Bee Advocates Help Bring Pro-Pollinator Policy to Minnesota
June 23, 2014 | Trish Popovitch
“So bees are dying. It’s hard to be a beekeeper. It’s hard to be a bee. But it’s also really wonderful work.”—Erin Rupp, Beez Kneez, LLC.
Beez Kneez, LLC of Minneapolis was founded in 2010 by Kristy Allen to provide a city outlet for her aunt and uncle’s locally produced honey. In 2011, co-owner and educator Erin Rupp joined the fun and this bee friendly team of two not only provide honey processing space for local beekeepers, bike raw honey to their customers and educate folks on all things bee related. They’ve also managed to make some pro-pollinator policy changes at the legislative level.
In addition to distributing locally extracted honey to restaurants, grocery stores and individual customers in Minneapolis and St. Paul, the company provides pollinator education, consultation on hive set up as well as classes in beekeeping.
Extracting honey from the frames is a messy business requiring specialist equipment. With 400-plus members in the Minneapolis Bee Keepers Association, the need for extraction facilities became a real necessity for the Twin Cities’ hive based habit. Already profitable, Beez Kneez wanted to expand their operation by creating a place for locals to extract their honey.
The Honey House opened in August of 2013 after a successful Kickstarter campaign allowed Rupp and Allen to offer local beekeepers a place to extract their honey for a minimal fee. The extractor at the Honey House is pedal-powered, a valuable educational tool in sustainability with a practical end purpose.
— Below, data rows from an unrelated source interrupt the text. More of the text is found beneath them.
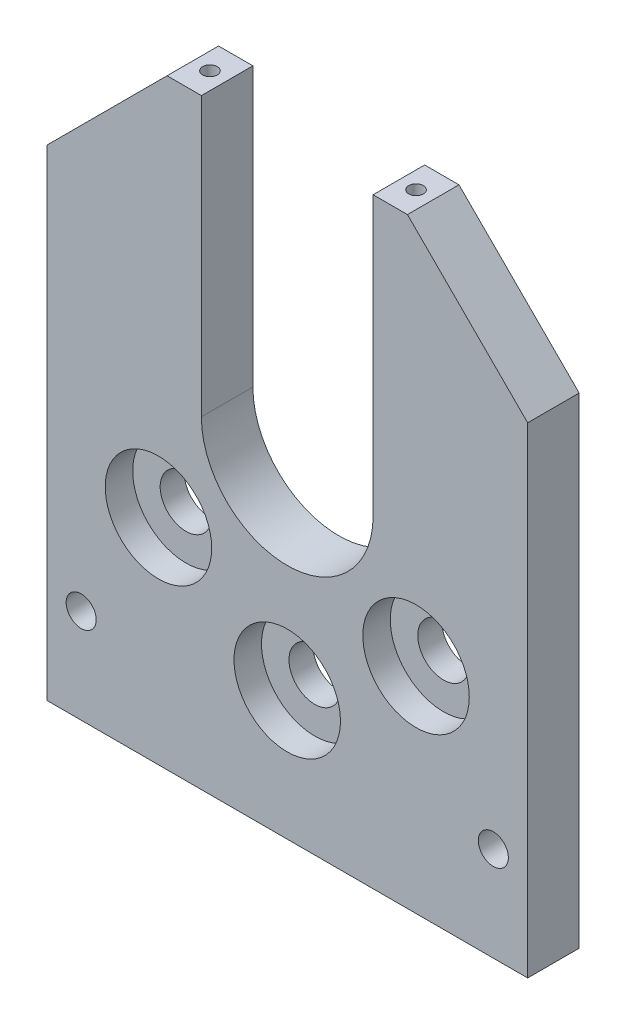
ISO-10303-21;
HEADER;
FILE_DESCRIPTION(('STEP AP214'),'2;1');
FILE_NAME('part.step','',(''),(''),'','','');
FILE_SCHEMA(('AUTOMOTIVE_DESIGN { 1 0 10303 214 1 1 1 1 }'));
ENDSEC;
DATA;
#1=APPLICATION_CONTEXT('core data for automotive mechanical design processes');
#2=APPLICATION_PROTOCOL_DEFINITION('international standard','automotive_design',2000,#1);
#3=PRODUCT_CONTEXT('',#1,'mechanical');
#4=PRODUCT('Part','Part','',(#3));
#5=PRODUCT_RELATED_PRODUCT_CATEGORY('part','',(#4));
#6=PRODUCT_DEFINITION_FORMATION('','',#4);
#7=PRODUCT_DEFINITION_CONTEXT('part definition',#1,'design');
#8=PRODUCT_DEFINITION('design','',#6,#7);
#9=PRODUCT_DEFINITION_SHAPE('','',#8);
#10=(LENGTH_UNIT() NAMED_UNIT(*) SI_UNIT(.MILLI.,.METRE.));
#11=(NAMED_UNIT(*) PLANE_ANGLE_UNIT() SI_UNIT($,.RADIAN.));
#12=(NAMED_UNIT(*) SI_UNIT($,.STERADIAN.) SOLID_ANGLE_UNIT());
#13=UNCERTAINTY_MEASURE_WITH_UNIT(LENGTH_MEASURE(1.E-05),#10,'distance_accuracy_value','');
#14=(GEOMETRIC_REPRESENTATION_CONTEXT(3) GLOBAL_UNCERTAINTY_ASSIGNED_CONTEXT((#13)) GLOBAL_UNIT_ASSIGNED_CONTEXT((#10,
#11,#12)) REPRESENTATION_CONTEXT('',''));
#15=CARTESIAN_POINT('',(0.,0.,0.));
#16=DIRECTION('',(0.,0.,1.));
#17=DIRECTION('',(1.,0.,0.));
#18=AXIS2_PLACEMENT_3D('',#15,#16,#17);
#19=CARTESIAN_POINT('',(0.,75.,-335.));
#20=DIRECTION('',(0.,0.,1.));
#21=DIRECTION('',(1.,0.,0.));
#22=AXIS2_PLACEMENT_3D('',#19,#20,#21);
#23=CYLINDRICAL_SURFACE('',#22,15.);
#24=CARTESIAN_POINT('',(0.,75.,-15.));
#25=DIRECTION('',(0.,0.,-1.));
#26=DIRECTION('',(-1.,0.,0.));
#27=AXIS2_PLACEMENT_3D('',#24,#25,#26);
#28=CIRCLE('',#27,15.);
#29=CARTESIAN_POINT('',(-15.,75.,-15.));
#30=VERTEX_POINT('',#29);
#31=EDGE_CURVE('E226',#30,#30,#28,.T.);
#32=ORIENTED_EDGE('',*,*,#31,.T.);
#33=EDGE_LOOP('',(#32));
#34=FACE_BOUND('',#33,.T.);
#35=CARTESIAN_POINT('',(0.,75.,-1.));
#36=DIRECTION('',(0.,0.,1.));
#37=DIRECTION('',(1.,0.,0.));
#38=AXIS2_PLACEMENT_3D('',#35,#36,#37);
#39=CIRCLE('',#38,15.);
#40=CARTESIAN_POINT('',(15.,75.,-1.));
#41=VERTEX_POINT('',#40);
#42=EDGE_CURVE('E51',#41,#41,#39,.F.);
#43=ORIENTED_EDGE('',*,*,#42,.F.);
#44=EDGE_LOOP('',(#43));
#45=FACE_BOUND('',#44,.T.);
#46=ADVANCED_FACE('F46',(#34,#45),#23,.F.);
#47=CARTESIAN_POINT('',(75.,124.749371855331,-335.));
#48=DIRECTION('',(0.,0.,1.));
#49=DIRECTION('',(1.,0.,0.));
#50=AXIS2_PLACEMENT_3D('',#47,#48,#49);
#51=CYLINDRICAL_SURFACE('',#50,15.);
#52=CARTESIAN_POINT('',(75.,124.749371855331,-15.));
#53=DIRECTION('',(0.,0.,-1.));
#54=DIRECTION('',(-1.,0.,0.));
#55=AXIS2_PLACEMENT_3D('',#52,#53,#54);
#56=CIRCLE('',#55,15.);
#57=CARTESIAN_POINT('',(60.,124.749371855331,-15.));
#58=VERTEX_POINT('',#57);
#59=EDGE_CURVE('E229',#58,#58,#56,.T.);
#60=ORIENTED_EDGE('',*,*,#59,.T.);
#61=EDGE_LOOP('',(#60));
#62=FACE_BOUND('',#61,.T.);
#63=CARTESIAN_POINT('',(75.,124.749371855331,-1.));
#64=DIRECTION('',(0.,0.,1.));
#65=DIRECTION('',(1.,0.,0.));
#66=AXIS2_PLACEMENT_3D('',#63,#64,#65);
#67=CIRCLE('',#66,15.);
#68=CARTESIAN_POINT('',(90.,124.749371855331,-1.));
#69=VERTEX_POINT('',#68);
#70=EDGE_CURVE('E238',#69,#69,#67,.F.);
#71=ORIENTED_EDGE('',*,*,#70,.F.);
#72=EDGE_LOOP('',(#71));
#73=FACE_BOUND('',#72,.T.);
#74=ADVANCED_FACE('F249',(#62,#73),#51,.F.);
#75=CARTESIAN_POINT('',(-75.,124.749371855331,-335.));
#76=DIRECTION('',(0.,0.,1.));
#77=DIRECTION('',(1.,0.,0.));
#78=AXIS2_PLACEMENT_3D('',#75,#76,#77);
#79=CYLINDRICAL_SURFACE('',#78,15.);
#80=CARTESIAN_POINT('',(-75.,124.749371855331,-15.));
#81=DIRECTION('',(0.,0.,-1.));
#82=DIRECTION('',(-1.,0.,0.));
#83=AXIS2_PLACEMENT_3D('',#80,#81,#82);
#84=CIRCLE('',#83,15.);
#85=CARTESIAN_POINT('',(-90.,124.749371855331,-15.));
#86=VERTEX_POINT('',#85);
#87=EDGE_CURVE('E232',#86,#86,#84,.T.);
#88=ORIENTED_EDGE('',*,*,#87,.T.);
#89=EDGE_LOOP('',(#88));
#90=FACE_BOUND('',#89,.T.);
#91=CARTESIAN_POINT('',(-75.,124.749371855331,-1.));
#92=DIRECTION('',(0.,0.,1.));
#93=DIRECTION('',(1.,0.,0.));
#94=AXIS2_PLACEMENT_3D('',#91,#92,#93);
#95=CIRCLE('',#94,15.);
#96=CARTESIAN_POINT('',(-60.,124.749371855331,-1.));
#97=VERTEX_POINT('',#96);
#98=EDGE_CURVE('E236',#97,#97,#95,.F.);
#99=ORIENTED_EDGE('',*,*,#98,.F.);
#100=EDGE_LOOP('',(#99));
#101=FACE_BOUND('',#100,.T.);
#102=ADVANCED_FACE('F255',(#90,#101),#79,.F.);
#103=CARTESIAN_POINT('',(-140.,350.,15.));
#104=DIRECTION('',(0.,0.,-1.));
#105=DIRECTION('',(-1.,0.,0.));
#106=AXIS2_PLACEMENT_3D('',#103,#104,#105);
#107=PLANE('',#106);
#108=CARTESIAN_POINT('',(-75.,124.749371855331,15.));
#109=DIRECTION('',(0.,0.,1.));
#110=DIRECTION('',(1.,0.,0.));
#111=AXIS2_PLACEMENT_3D('',#108,#109,#110);
#112=CIRCLE('',#111,31.);
#113=CARTESIAN_POINT('',(-44.,124.749371855331,15.));
#114=VERTEX_POINT('',#113);
#115=EDGE_CURVE('E532',#114,#114,#112,.T.);
#116=ORIENTED_EDGE('',*,*,#115,.F.);
#117=EDGE_LOOP('',(#116));
#118=FACE_BOUND('',#117,.T.);
#119=CARTESIAN_POINT('',(0.,75.,15.));
#120=DIRECTION('',(0.,0.,1.));
#121=DIRECTION('',(1.,0.,0.));
#122=AXIS2_PLACEMENT_3D('',#119,#120,#121);
#123=CIRCLE('',#122,31.);
#124=CARTESIAN_POINT('',(31.,75.,15.));
#125=VERTEX_POINT('',#124);
#126=EDGE_CURVE('E528',#125,#125,#123,.T.);
#127=ORIENTED_EDGE('',*,*,#126,.F.);
#128=EDGE_LOOP('',(#127));
#129=FACE_BOUND('',#128,.T.);
#130=CARTESIAN_POINT('',(75.,124.749371855331,15.));
#131=DIRECTION('',(0.,0.,1.));
#132=DIRECTION('',(1.,0.,0.));
#133=AXIS2_PLACEMENT_3D('',#130,#131,#132);
#134=CIRCLE('',#133,31.);
#135=CARTESIAN_POINT('',(106.,124.749371855331,15.));
#136=VERTEX_POINT('',#135);
#137=EDGE_CURVE('E535',#136,#136,#134,.T.);
#138=ORIENTED_EDGE('',*,*,#137,.F.);
#139=EDGE_LOOP('',(#138));
#140=FACE_BOUND('',#139,.T.);
#141=CARTESIAN_POINT('',(-120.,55.,15.));
#142=DIRECTION('',(0.,0.,1.));
#143=DIRECTION('',(1.,0.,0.));
#144=AXIS2_PLACEMENT_3D('',#141,#142,#143);
#145=CIRCLE('',#144,8.75000000000001);
#146=CARTESIAN_POINT('',(-111.25,55.,15.));
#147=VERTEX_POINT('',#146);
#148=EDGE_CURVE('E223',#147,#147,#145,.T.);
#149=ORIENTED_EDGE('',*,*,#148,.F.);
#150=EDGE_LOOP('',(#149));
#151=FACE_BOUND('',#150,.T.);
#152=CARTESIAN_POINT('',(120.,55.,15.));
#153=DIRECTION('',(0.,0.,1.));
#154=DIRECTION('',(1.,0.,0.));
#155=AXIS2_PLACEMENT_3D('',#152,#153,#154);
#156=CIRCLE('',#155,8.74999999999998);
#157=CARTESIAN_POINT('',(128.75,55.,15.));
#158=VERTEX_POINT('',#157);
#159=EDGE_CURVE('E235',#158,#158,#156,.T.);
#160=ORIENTED_EDGE('',*,*,#159,.F.);
#161=EDGE_LOOP('',(#160));
#162=FACE_BOUND('',#161,.T.);
#163=DIRECTION('',(1.,0.,0.));
#164=VECTOR('',#163,1.);
#165=CARTESIAN_POINT('',(-140.,350.,15.));
#166=LINE('',#165,#164);
#167=CARTESIAN_POINT('',(-70.,350.,15.));
#168=VERTEX_POINT('',#167);
#169=CARTESIAN_POINT('',(-50.,350.,15.));
#170=VERTEX_POINT('',#169);
#171=EDGE_CURVE('E173',#168,#170,#166,.T.);
#172=ORIENTED_EDGE('',*,*,#171,.F.);
#173=DIRECTION('',(-0.707106781186546,-0.707106781186549,0.));
#174=VECTOR('',#173,1.);
#175=CARTESIAN_POINT('',(-70.,350.,15.));
#176=LINE('',#175,#174);
#177=CARTESIAN_POINT('',(-140.,280.,15.));
#178=VERTEX_POINT('',#177);
#179=EDGE_CURVE('E211',#168,#178,#176,.T.);
#180=ORIENTED_EDGE('',*,*,#179,.T.);
#181=DIRECTION('',(0.,-1.,0.));
#182=VECTOR('',#181,1.);
#183=CARTESIAN_POINT('',(-140.,350.,15.));
#184=LINE('',#183,#182);
#185=CARTESIAN_POINT('',(-140.,0.,15.));
#186=VERTEX_POINT('',#185);
#187=EDGE_CURVE('E196',#178,#186,#184,.T.);
#188=ORIENTED_EDGE('',*,*,#187,.T.);
#189=DIRECTION('',(1.,0.,0.));
#190=VECTOR('',#189,1.);
#191=CARTESIAN_POINT('',(-140.,0.,15.));
#192=LINE('',#191,#190);
#193=CARTESIAN_POINT('',(140.,0.,15.));
#194=VERTEX_POINT('',#193);
#195=EDGE_CURVE('E182',#186,#194,#192,.T.);
#196=ORIENTED_EDGE('',*,*,#195,.T.);
#197=DIRECTION('',(0.,-1.,0.));
#198=VECTOR('',#197,1.);
#199=CARTESIAN_POINT('',(140.,350.,15.));
#200=LINE('',#199,#198);
#201=CARTESIAN_POINT('',(140.,280.,15.));
#202=VERTEX_POINT('',#201);
#203=EDGE_CURVE('E194',#202,#194,#200,.T.);
#204=ORIENTED_EDGE('',*,*,#203,.F.);
#205=DIRECTION('',(0.707106781186548,-0.707106781186547,0.));
#206=VECTOR('',#205,1.);
#207=CARTESIAN_POINT('',(140.,280.,15.));
#208=LINE('',#207,#206);
#209=CARTESIAN_POINT('',(69.9999999999998,350.,15.));
#210=VERTEX_POINT('',#209);
#211=EDGE_CURVE('E209',#202,#210,#208,.F.);
#212=ORIENTED_EDGE('',*,*,#211,.T.);
#213=CARTESIAN_POINT('',(50.,350.,15.));
#214=VERTEX_POINT('',#213);
#215=EDGE_CURVE('E176',#214,#210,#166,.T.);
#216=ORIENTED_EDGE('',*,*,#215,.F.);
#217=DIRECTION('',(0.,-1.,0.));
#218=VECTOR('',#217,1.);
#219=CARTESIAN_POINT('',(50.,0.,15.));
#220=LINE('',#219,#218);
#221=CARTESIAN_POINT('',(50.,188.,15.));
#222=VERTEX_POINT('',#221);
#223=EDGE_CURVE('E159',#214,#222,#220,.T.);
#224=ORIENTED_EDGE('',*,*,#223,.T.);
#225=CARTESIAN_POINT('',(0.,188.,15.));
#226=DIRECTION('',(0.,0.,1.));
#227=DIRECTION('',(1.,0.,0.));
#228=AXIS2_PLACEMENT_3D('',#225,#226,#227);
#229=CIRCLE('',#228,50.);
#230=CARTESIAN_POINT('',(-50.,188.,15.));
#231=VERTEX_POINT('',#230);
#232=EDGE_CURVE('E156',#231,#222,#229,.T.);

Workshops and classes are held at the Honey House as well as in various locations around the city.
Rupp takes her bees and pollinator curriculum to schools and nonprofits to educate locals on the importance of bees, and helps organizations set up their own hives.
“Bees are such a valuable teaching tool. They are so intrinsically interesting,” says Rupp, a former museum educator and science teacher. “All of us know something about bees: that they sting and are a little bit scary. That’s a point of connection for everybody to all these bigger issues.”
Bigger issues hit home just after the successful opening of the Honey House at one of their hive locations.
“It was an acute pesticide kill. We lost all the foraging bees in our hive in 44 hours,” recalls Rupp. “Two local beekeepers in the neighborhood experienced the same thing. After that we launched the ‘Healthy Bees, Healthy Lives’ campaign.”
The campaign was a grassroots effort instigated by the Beez Kneez and carried to fruition by local stakeholders, concerned citizens, the community of beekeepers and several local politicians. After campaigning, collecting signatures, testifying in front of the legislature and letting anyone who would listen know about Minnesota laws that allowed bee killing chemicals into nursery plants, Krupp, Allen and their pollinator advocates managed to get two laws passed.
The first is a beekeeper compensation law that allows beekeepers to petition the Minnesota Department of Agriculture for monetary compensation if they lose bees due to pesticide application. The second is a truth-in-advertising law that disallows plant nurseries from labeling plants ‘bee friendly’ if they have been treated with “pollinator lethal insecticides,” a typical practice in the state. Both laws go into effect onJuly 1 of this year. As Rupp explained, Democratic representatives championed the bill but after some pre session education the vote was passed on both sides of the aisles. Rupp explains that there is still much work to be done in terms of bee advocacy.
“Beekeepers make most of their money through pollination, moving bees around the country. Its hidden work and it isn’t government-supported. And it’s totally critical to our food and vegetable production. These guys are aging. Most of them are third or fourth generation beekeepers. We want to see people continue to be beekeepers,” says Rupp.
Beez Kneez, LLC. intends to keep adding hives to the downtown area as well as growing attendance for their classes. There is still more demand for their honey than they can currently produce but with some additional help from beekeeping experts this summer Rupp hopes to keep growing bees, honey and interest in pollinators.
“In thinking about how to connect people with their food, how it’s grown and how we need to change the food system; yeah, bees tell that story really well,” says Rupp.